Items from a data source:
----------

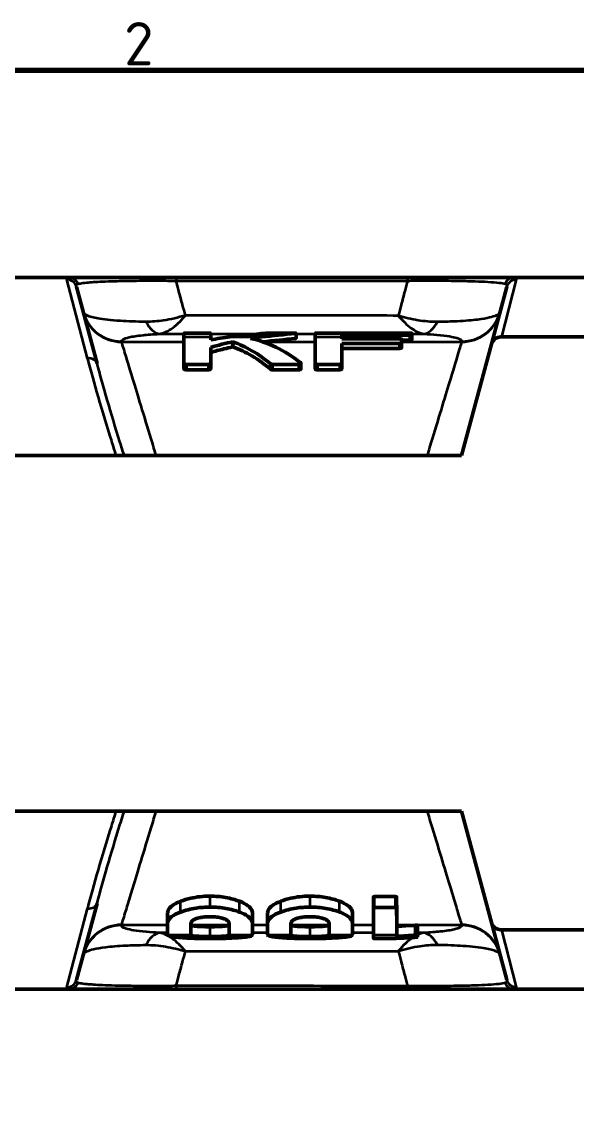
# Model space of a CAD drawing. Header units: millimetres. Extents: x 0 to 1485, y 0 to 1050.
# Drawn here: x 1183.6 to 1295.8, y 811.3 to 1034.7 of the extents above; entities that cross this region are included whole.
import ezdxf

# ---------------------------------------------------------------- set-up
doc = ezdxf.new("R2010")
doc.units = ezdxf.units.MM
doc.header["$LTSCALE"] = 2.5
for name, color, linetype, lineweight in [('Rahmen (ISO)', 7, 'Continuous', 70), ('Sichtbar (ISO)', 7, 'Continuous', 50), ('Sichtbar schmal (ISO)', 7, 'Continuous', 35)]:
    doc.layers.add(name, color=color, linetype=linetype, lineweight=lineweight)
doc.styles.add('Notiztext (DIN)', font='isocpeur.ttf')

# ---------------------------------------------------------------- blocks, each defined once
blk = doc.blocks.new('Ränder Standardrahmen')
at = {"layer": 'Rahmen (ISO)', "flags": 128}
blk.add_lwpolyline([(10, 10), (10, 410), (584, 410), (584, 10), (10, 10)], dxfattribs=at)
at = {"layer": 'Rahmen (ISO)', "insert": (481.703, 410.4), "char_height": 3.5, "attachment_point": 7, "style": 'Notiztext (DIN)'}
blk.add_mtext('2', dxfattribs=at)

msp = doc.modelspace()

# ---------------------------------------------------------------- linework, layer by layer
at = {"layer": 'Sichtbar (ISO)'}
for p, q in [((1177.187, 983.024), (1193.13, 983.024)), ((1214.765, 983.024), (1193.13, 983.024)), ((1194.642, 981.171), (1198.796, 965.67)), ((1261.572, 983.024), (1214.765, 983.024)), ((1283.144, 983.024), (1261.572, 983.024)), ((1278.533, 969.541), (1281.645, 981.153)), ((1299.174, 983.024), (1283.144, 983.024)), ((1216.378, 971.755), (1216.378, 971.02)), ((1216.378, 971.02), (1216.378, 965.704)), ((1221.778, 971.02), (1221.778, 971.756)), ((1221.778, 970.411), (1221.778, 971.02)), ((1226.266, 970.036), (1226.266, 969.016)), ((1239.048, 971.758), (1239.048, 970.754)), ((1242.922, 971.758), (1242.922, 971.02)), ((1242.922, 971.02), (1242.922, 965.705)), ((1248.298, 971.02), (1248.298, 971.367)), ((1248.298, 970.63), (1248.298, 971.02)), ((1248.298, 965.705), (1248.298, 969.724)), ((1260.37, 969.836), (1260.37, 970.557)), ((1260.37, 969.836), (1260.37, 968.812)), ((1262.458, 971.408), (1262.458, 971.761)), ((1262.458, 971.408), (1262.458, 970.405)), ((1280.465, 971.024), (1389.93, 971.024)), ((1221.778, 965.704), (1221.778, 968.9)), ((1259.89, 968.698), (1248.298, 968.698)), ((1272.5, 947.024), (1278.533, 969.541)), ((1216.378, 965.704), (1216.378, 964.603)), ((1216.882, 965.471), (1221.298, 965.471)), ((1221.778, 965.704), (1221.778, 964.603)), ((1233.874, 965.594), (1233.874, 964.49)), ((1234.306, 965.471), (1239.514, 965.472)), ((1240.036, 965.69), (1240.036, 964.588)), ((1242.922, 965.705), (1242.922, 964.603)), ((1243.402, 965.472), (1247.818, 965.472)), ((1248.298, 965.705), (1248.298, 964.604)), ((1221.298, 964.365), (1216.882, 964.365)), ((1239.514, 964.365), (1234.306, 964.365)), ((1247.818, 964.365), (1243.402, 964.365)), ((1272.5, 947.024), (991.792, 947.024)), ((1272.5, 875.024), (991.792, 875.024)), ((1278.533, 852.506), (1272.5, 875.024)), ((1198.796, 856.378), (1194.642, 840.877)), ((1254.674, 855.418), (1254.674, 857.625)), ((1254.914, 857.739), (1259.138, 857.739)), ((1213.058, 852.343), (1213.058, 854.431)), ((1230.218, 852.342), (1230.218, 854.431)), ((1233.29, 852.342), (1233.29, 854.43)), ((1250.45, 852.342), (1250.45, 854.43)), ((1254.674, 855.418), (1254.674, 850.031)), ((1259.138, 855.528), (1254.914, 855.528)), ((1213.058, 852.343), (1213.058, 850.031)), ((1217.762, 850.031), (1217.762, 852.266)), ((1225.514, 852.265), (1225.514, 850.031)), ((1230.218, 850.031), (1230.218, 852.342)), ((1233.29, 852.342), (1233.29, 850.031)), ((1237.994, 850.031), (1237.994, 852.265)), ((1245.746, 852.265), (1245.746, 850.031)), ((1250.45, 850.031), (1250.45, 852.342)), ((1259.398, 852.024), (1259.402, 851.706)), ((1259.402, 849.699), (1259.402, 851.706)), ((1263.194, 849.935), (1263.194, 851.943)), ((1263.578, 849.919), (1263.578, 851.926)), ((1281.645, 840.894), (1278.533, 852.506)), ((1213.058, 850.031), (1213.058, 849.978)), ((1217.762, 850), (1217.762, 850.031)), ((1225.514, 850.031), (1225.514, 850)), ((1230.218, 849.978), (1230.218, 850.031)), ((1233.29, 850.031), (1233.29, 849.977)), ((1237.994, 849.999), (1237.994, 850.031)), ((1245.746, 850.031), (1245.746, 849.999)), ((1250.45, 849.977), (1250.45, 850.031)), ((1254.674, 850.031), (1254.674, 849.288)), ((1259.402, 849.699), (1259.398, 850.031)), ((1263.578, 849.54), (1263.578, 849.919)), ((1389.93, 851.024), (1280.465, 851.024)), ((1193.13, 839.024), (1177.187, 839.024)), ((1193.13, 839.024), (1214.765, 839.024)), ((1214.765, 839.024), (1261.572, 839.024)), ((1261.572, 839.024), (1283.144, 839.024)), ((1299.174, 839.024), (1283.144, 839.024))]:
    msp.add_line(p, q, dxfattribs=at)
for centre, start, end in [((1280.465, 969.024), 90, 165), ((1280.465, 853.024), 195, 270)]:
    msp.add_arc(centre, 2, start, end, dxfattribs=at)
for points, knots in [([(1216.882, 971.795), (1216.858, 971.795), (1216.835, 971.795), (1216.783, 971.795), (1216.755, 971.794), (1216.675, 971.792), (1216.626, 971.79), (1216.528, 971.784), (1216.49, 971.78), (1216.437, 971.774), (1216.413, 971.771), (1216.384, 971.763), (1216.378, 971.759), (1216.378, 971.755)], [0, 0, 0, 0, 0.00707077, 0.00707077, 0.01557615, 0.01557615, 0.03218262, 0.03218262, 0.0520908, 0.0520908, 0.07884837, 0.07884837, 0.10317671, 0.10317671, 0.10317671, 0.10317671]), ([(1221.778, 971.756), (1221.778, 971.761), (1221.767, 971.766), (1221.719, 971.775), (1221.683, 971.78), (1221.59, 971.788), (1221.539, 971.791), (1221.454, 971.794), (1221.423, 971.795), (1221.375, 971.795), (1221.359, 971.796), (1221.327, 971.796), (1221.313, 971.796), (1221.298, 971.796)], [0, 0, 0, 0, 0.018224852, 0.018224852, 0.03752498, 0.03752498, 0.058033584, 0.058033584, 0.069120053, 0.069120053, 0.074791049, 0.074791049, 0.079824609, 0.079824609, 0.079824609, 0.079824609]), ([(1233.298, 971.798), (1233.289, 971.798), (1233.281, 971.797), (1233.249, 971.797), (1233.224, 971.797), (1233.15, 971.795), (1233.069, 971.792), (1232.981, 971.788), (1232.956, 971.787), (1232.918, 971.784), (1232.902, 971.783), (1232.89, 971.781)], [0, 0, 0, 0, 0.002571018, 0.002571018, 0.009668011, 0.009668011, 0.025693581, 0.025693581, 0.031747231, 0.031747231, 0.036618875, 0.036618875, 0.036618875, 0.036618875]), ([(1238.914, 971.73), (1238.963, 971.735), (1239.004, 971.74), (1239.045, 971.751), (1239.051, 971.756), (1239.041, 971.766), (1239.024, 971.771), (1238.979, 971.778), (1238.95, 971.783), (1238.869, 971.79), (1238.826, 971.793), (1238.744, 971.796), (1238.711, 971.797), (1238.655, 971.798), (1238.634, 971.798), (1238.593, 971.798), (1238.574, 971.798), (1238.554, 971.798)], [0, 0, 0, 0, 0.023213062, 0.023213062, 0.040773092, 0.040773092, 0.058494986, 0.058494986, 0.07169635, 0.07169635, 0.082846951, 0.082846951, 0.090113902, 0.090113902, 0.094458675, 0.094458675, 0.098513591, 0.098513591, 0.098513591, 0.098513591]), ([(1239.048, 970.754), (1239.048, 970.75), (1239.039, 970.746), (1238.999, 970.736), (1238.96, 970.731), (1238.914, 970.726)], [0.090596155, 0.090596155, 0.090596155, 0.090596155, 0.112429113, 0.112429113, 0.144495524, 0.144495524, 0.144495524, 0.144495524]), ([(1243.402, 971.799), (1243.383, 971.799), (1243.364, 971.799), (1243.32, 971.798), (1243.296, 971.798), (1243.221, 971.796), (1243.174, 971.794), (1243.086, 971.789), (1243.044, 971.785), (1242.981, 971.778), (1242.957, 971.774), (1242.928, 971.766), (1242.922, 971.762), (1242.922, 971.758)], [0, 0, 0, 0, 0.005731751, 0.005731751, 0.013089433, 0.013089433, 0.029148523, 0.029148523, 0.045843443, 0.045843443, 0.061319531, 0.061319531, 0.07538946, 0.07538946, 0.07538946, 0.07538946]), ([(1260.37, 970.557), (1260.37, 970.567), (1260.361, 970.577), (1260.319, 970.594), (1260.292, 970.601), (1260.219, 970.613), (1260.168, 970.619), (1260.074, 970.626), (1260.035, 970.628), (1259.96, 970.63), (1259.925, 970.631), (1259.89, 970.631)], [0, 0, 0, 0, 0.020669978, 0.020669978, 0.037602102, 0.037602102, 0.053703958, 0.053703958, 0.064131667, 0.064131667, 0.072895555, 0.072895555, 0.072895555, 0.072895555]), ([(1259.89, 969.724), (1259.931, 969.724), (1259.972, 969.725), (1260.059, 969.731), (1260.102, 969.735), (1260.19, 969.748), (1260.246, 969.759), (1260.315, 969.782), (1260.335, 969.792), (1260.363, 969.813), (1260.37, 969.825), (1260.37, 969.836)], [0, 0, 0, 0, 0.012466113, 0.012466113, 0.027008874, 0.027008874, 0.044318469, 0.044318469, 0.054885075, 0.054885075, 0.066886871, 0.066886871, 0.066886871, 0.066886871]), ([(1262.458, 971.761), (1262.458, 971.766), (1262.447, 971.772), (1262.401, 971.781), (1262.372, 971.785), (1262.311, 971.791), (1262.273, 971.794), (1262.177, 971.798), (1262.139, 971.799), (1262.076, 971.801), (1262.05, 971.801), (1262.001, 971.801), (1261.978, 971.801), (1261.954, 971.801)], [0, 0, 0, 0, 0.019463062, 0.019463062, 0.0357874, 0.0357874, 0.047483086, 0.047483086, 0.054378809, 0.054378809, 0.058771749, 0.058771749, 0.062860585, 0.062860585, 0.062860585, 0.062860585]), ([(1261.954, 971.368), (1261.984, 971.368), (1262.014, 971.368), (1262.075, 971.369), (1262.107, 971.369), (1262.188, 971.371), (1262.234, 971.373), (1262.32, 971.378), (1262.351, 971.381), (1262.402, 971.387), (1262.423, 971.391), (1262.452, 971.399), (1262.458, 971.404), (1262.458, 971.408)], [0, 0, 0, 0, 0.00897859, 0.00897859, 0.018588605, 0.018588605, 0.034185324, 0.034185324, 0.050208161, 0.050208161, 0.07298202, 0.07298202, 0.096639375, 0.096639375, 0.096639375, 0.096639375]), ([(1262.458, 970.405), (1262.458, 970.399), (1262.447, 970.393), (1262.399, 970.383), (1262.367, 970.379), (1262.302, 970.373), (1262.258, 970.37), (1262.114, 970.365), (1262.033, 970.364), (1261.954, 970.364)], [0, 0, 0, 0, 0.021151976, 0.021151976, 0.038662219, 0.038662219, 0.048936951, 0.048936951, 0.059676119, 0.059676119, 0.059676119, 0.059676119]), ([(1226.266, 969.016), (1225.65, 968.884), (1225.034, 968.742), (1223.554, 968.376), (1222.668, 968.134), (1221.778, 967.86)], [0, 0, 0, 0, 0.26982539, 0.26982539, 0.64795367, 0.64795367, 0.64795367, 0.64795367]), ([(1260.37, 968.812), (1260.37, 968.797), (1260.358, 968.781), (1260.298, 968.749), (1260.253, 968.738), (1260.18, 968.721), (1260.129, 968.712), (1260.042, 968.704), (1260.013, 968.702), (1259.952, 968.699), (1259.921, 968.698), (1259.89, 968.698)], [0, 0, 0, 0, 0.02184499, 0.02184499, 0.04713643, 0.04713643, 0.08787188, 0.08787188, 0.10722044, 0.10722044, 0.1270244, 0.1270244, 0.1270244, 0.1270244]), ([(1216.378, 965.704), (1216.378, 965.67), (1216.391, 965.637), (1216.451, 965.575), (1216.493, 965.55), (1216.583, 965.512), (1216.631, 965.498), (1216.716, 965.482), (1216.747, 965.478), (1216.813, 965.472), (1216.848, 965.471), (1216.882, 965.471)], [0, 0, 0, 0, 0.024512633, 0.024512633, 0.047842358, 0.047842358, 0.068333562, 0.068333562, 0.079757775, 0.079757775, 0.09158274, 0.09158274, 0.09158274, 0.09158274]), ([(1221.298, 965.471), (1221.347, 965.471), (1221.394, 965.474), (1221.494, 965.489), (1221.542, 965.502), (1221.62, 965.531), (1221.671, 965.553), (1221.733, 965.602), (1221.749, 965.62), (1221.773, 965.661), (1221.778, 965.683), (1221.778, 965.704)], [0, 0, 0, 0, 0.014656935, 0.014656935, 0.03169815, 0.03169815, 0.045918755, 0.045918755, 0.053880126, 0.053880126, 0.062786622, 0.062786622, 0.062786622, 0.062786622]), ([(1233.874, 965.594), (1233.88, 965.584), (1233.89, 965.574), (1233.924, 965.552), (1233.95, 965.54), (1234.027, 965.513), (1234.099, 965.494), (1234.195, 965.479), (1234.219, 965.476), (1234.265, 965.472), (1234.285, 965.471), (1234.306, 965.471)], [0, 0, 0, 0, 0.007866317, 0.007866317, 0.018624772, 0.018624772, 0.037994115, 0.037994115, 0.044411946, 0.044411946, 0.049625636, 0.049625636, 0.049625636, 0.049625636]), ([(1239.514, 965.472), (1239.58, 965.472), (1239.646, 965.475), (1239.762, 965.493), (1239.81, 965.505), (1239.918, 965.545), (1239.959, 965.574), (1240.013, 965.62), (1240.031, 965.648), (1240.039, 965.701), (1240.033, 965.724), (1240.003, 965.775), (1239.977, 965.801), (1239.946, 965.825)], [0, 0, 0, 0, 0.01985699, 0.01985699, 0.03688494, 0.03688494, 0.06297512, 0.06297512, 0.09893024, 0.09893024, 0.12790005, 0.12790005, 0.16203552, 0.16203552, 0.16203552, 0.16203552]), ([(1242.922, 965.705), (1242.922, 965.671), (1242.935, 965.637), (1242.983, 965.588), (1243.017, 965.559), (1243.128, 965.512), (1243.176, 965.497), (1243.259, 965.482), (1243.287, 965.478), (1243.344, 965.473), (1243.373, 965.472), (1243.402, 965.472)], [0, 0, 0, 0, 0.024512899, 0.024512899, 0.038195782, 0.038195782, 0.046694491, 0.046694491, 0.050867262, 0.050867262, 0.05494395, 0.05494395, 0.05494395, 0.05494395]), ([(1247.818, 965.472), (1247.867, 965.472), (1247.914, 965.475), (1248.014, 965.49), (1248.062, 965.503), (1248.14, 965.532), (1248.191, 965.554), (1248.253, 965.602), (1248.269, 965.621), (1248.293, 965.661), (1248.298, 965.683), (1248.298, 965.705)], [0, 0, 0, 0, 0.01465705, 0.01465705, 0.031698365, 0.031698365, 0.045919113, 0.045919113, 0.053880501, 0.053880501, 0.062787039, 0.062787039, 0.062787039, 0.062787039]), ([(1216.882, 964.365), (1216.817, 964.365), (1216.754, 964.369), (1216.639, 964.39), (1216.591, 964.404), (1216.512, 964.436), (1216.465, 964.46), (1216.412, 964.51), (1216.399, 964.527), (1216.382, 964.564), (1216.378, 964.583), (1216.378, 964.603)], [0, 0, 0, 0, 0.019494817, 0.019494817, 0.037189044, 0.037189044, 0.052367946, 0.052367946, 0.059917616, 0.059917616, 0.06790191, 0.06790191, 0.06790191, 0.06790191]), ([(1221.778, 964.603), (1221.778, 964.568), (1221.765, 964.533), (1221.715, 964.481), (1221.681, 964.454), (1221.574, 964.407), (1221.525, 964.391), (1221.442, 964.375), (1221.415, 964.371), (1221.357, 964.366), (1221.328, 964.365), (1221.298, 964.365)], [0, 0, 0, 0, 0.024758299, 0.024758299, 0.039499087, 0.039499087, 0.0492787, 0.0492787, 0.053923247, 0.053923247, 0.058662821, 0.058662821, 0.058662821, 0.058662821]), ([(1234.306, 964.365), (1234.263, 964.365), (1234.22, 964.369), (1234.105, 964.386), (1234.035, 964.406), (1233.964, 964.43), (1233.935, 964.441), (1233.904, 964.46), (1233.896, 964.466), (1233.882, 964.478), (1233.877, 964.484), (1233.874, 964.49)], [0, 0, 0, 0, 0.012949247, 0.012949247, 0.036628738, 0.036628738, 0.053109727, 0.053109727, 0.06023464, 0.06023464, 0.066900322, 0.066900322, 0.066900322, 0.066900322]), ([(1240.036, 964.588), (1240.036, 964.567), (1240.029, 964.546), (1239.99, 964.489), (1239.947, 964.462), (1239.883, 964.425), (1239.837, 964.407), (1239.744, 964.384), (1239.703, 964.377), (1239.612, 964.367), (1239.563, 964.365), (1239.514, 964.365)], [0.03427942, 0.03427942, 0.03427942, 0.03427942, 0.04939712, 0.04939712, 0.07612874, 0.07612874, 0.11377177, 0.11377177, 0.14073085, 0.14073085, 0.17020863, 0.17020863, 0.17020863, 0.17020863]), ([(1243.402, 964.365), (1243.346, 964.365), (1243.292, 964.37), (1243.188, 964.388), (1243.142, 964.402), (1243.06, 964.435), (1243.01, 964.46), (1242.956, 964.511), (1242.943, 964.528), (1242.926, 964.565), (1242.922, 964.584), (1242.922, 964.603)], [0, 0, 0, 0, 0.016829473, 0.016829473, 0.033637638, 0.033637638, 0.050509946, 0.050509946, 0.058616138, 0.058616138, 0.067188831, 0.067188831, 0.067188831, 0.067188831]), ([(1248.298, 964.604), (1248.298, 964.569), (1248.285, 964.534), (1248.235, 964.482), (1248.201, 964.455), (1248.094, 964.407), (1248.045, 964.392), (1247.962, 964.376), (1247.935, 964.372), (1247.877, 964.367), (1247.848, 964.365), (1247.818, 964.365)], [0, 0, 0, 0, 0.024758596, 0.024758596, 0.039497243, 0.039497243, 0.049274649, 0.049274649, 0.053918147, 0.053918147, 0.058656649, 0.058656649, 0.058656649, 0.058656649]), ([(1213.058, 854.431), (1213.058, 854.728), (1213.168, 855.052), (1213.635, 855.631), (1213.918, 855.879), (1214.681, 856.362), (1215.149, 856.589), (1215.698, 856.796)], [0, 0, 0, 0, 0.30506914, 0.30506914, 0.53082873, 0.53082873, 0.75728184, 0.75728184, 0.75728184, 0.75728184]), ([(1215.698, 856.796), (1216.324, 857.033), (1217.013, 857.248), (1218.35, 857.55), (1218.955, 857.653), (1220.264, 857.798), (1220.952, 857.833), (1221.65, 857.833)], [0, 0, 0, 0, 0.25890185, 0.25890185, 0.45502897, 0.45502897, 0.66428351, 0.66428351, 0.66428351, 0.66428351]), ([(1221.65, 857.833), (1222.734, 857.833), (1223.778, 857.747), (1225.837, 857.383), (1226.772, 857.109), (1227.602, 856.795)], [0, 0, 0, 0, 0.32511541, 0.32511541, 0.66844627, 0.66844627, 0.66844627, 0.66844627]), ([(1227.602, 856.795), (1228.32, 856.526), (1228.889, 856.222), (1229.625, 855.657), (1229.847, 855.413), (1230.151, 854.915), (1230.218, 854.665), (1230.218, 854.431)], [0, 0, 0, 0, 0.2956964, 0.2956964, 0.51683329, 0.51683329, 0.75722202, 0.75722202, 0.75722202, 0.75722202]), ([(1233.29, 854.43), (1233.29, 854.728), (1233.4, 855.051), (1233.867, 855.631), (1234.15, 855.879), (1234.913, 856.362), (1235.381, 856.589), (1235.93, 856.795)], [0, 0, 0, 0, 0.30506763, 0.30506763, 0.53082931, 0.53082931, 0.75728446, 0.75728446, 0.75728446, 0.75728446]), ([(1235.93, 856.795), (1236.556, 857.032), (1237.245, 857.247), (1238.582, 857.55), (1239.187, 857.652), (1240.496, 857.797), (1241.184, 857.833), (1241.882, 857.833)], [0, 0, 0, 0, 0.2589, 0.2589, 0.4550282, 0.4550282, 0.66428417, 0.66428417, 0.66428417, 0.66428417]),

----------

- _Description of the task_:
Would you print exactly, and only, the lines of the data above from the line with "each defined once" through the line with "msp = doc.modelspace()", inclusive?

- _Output for this task_:
# ---------------------------------------------------------------- blocks, each defined once
blk = doc.blocks.new('Ränder Standardrahmen')
at = {"layer": 'Rahmen (ISO)', "flags": 128}
blk.add_lwpolyline([(10, 10), (10, 410), (584, 410), (584, 10), (10, 10)], dxfattribs=at)
at = {"layer": 'Rahmen (ISO)', "insert": (481.703, 410.4), "char_height": 3.5, "attachment_point": 7, "style": 'Notiztext (DIN)'}
blk.add_mtext('2', dxfattribs=at)

msp = doc.modelspace()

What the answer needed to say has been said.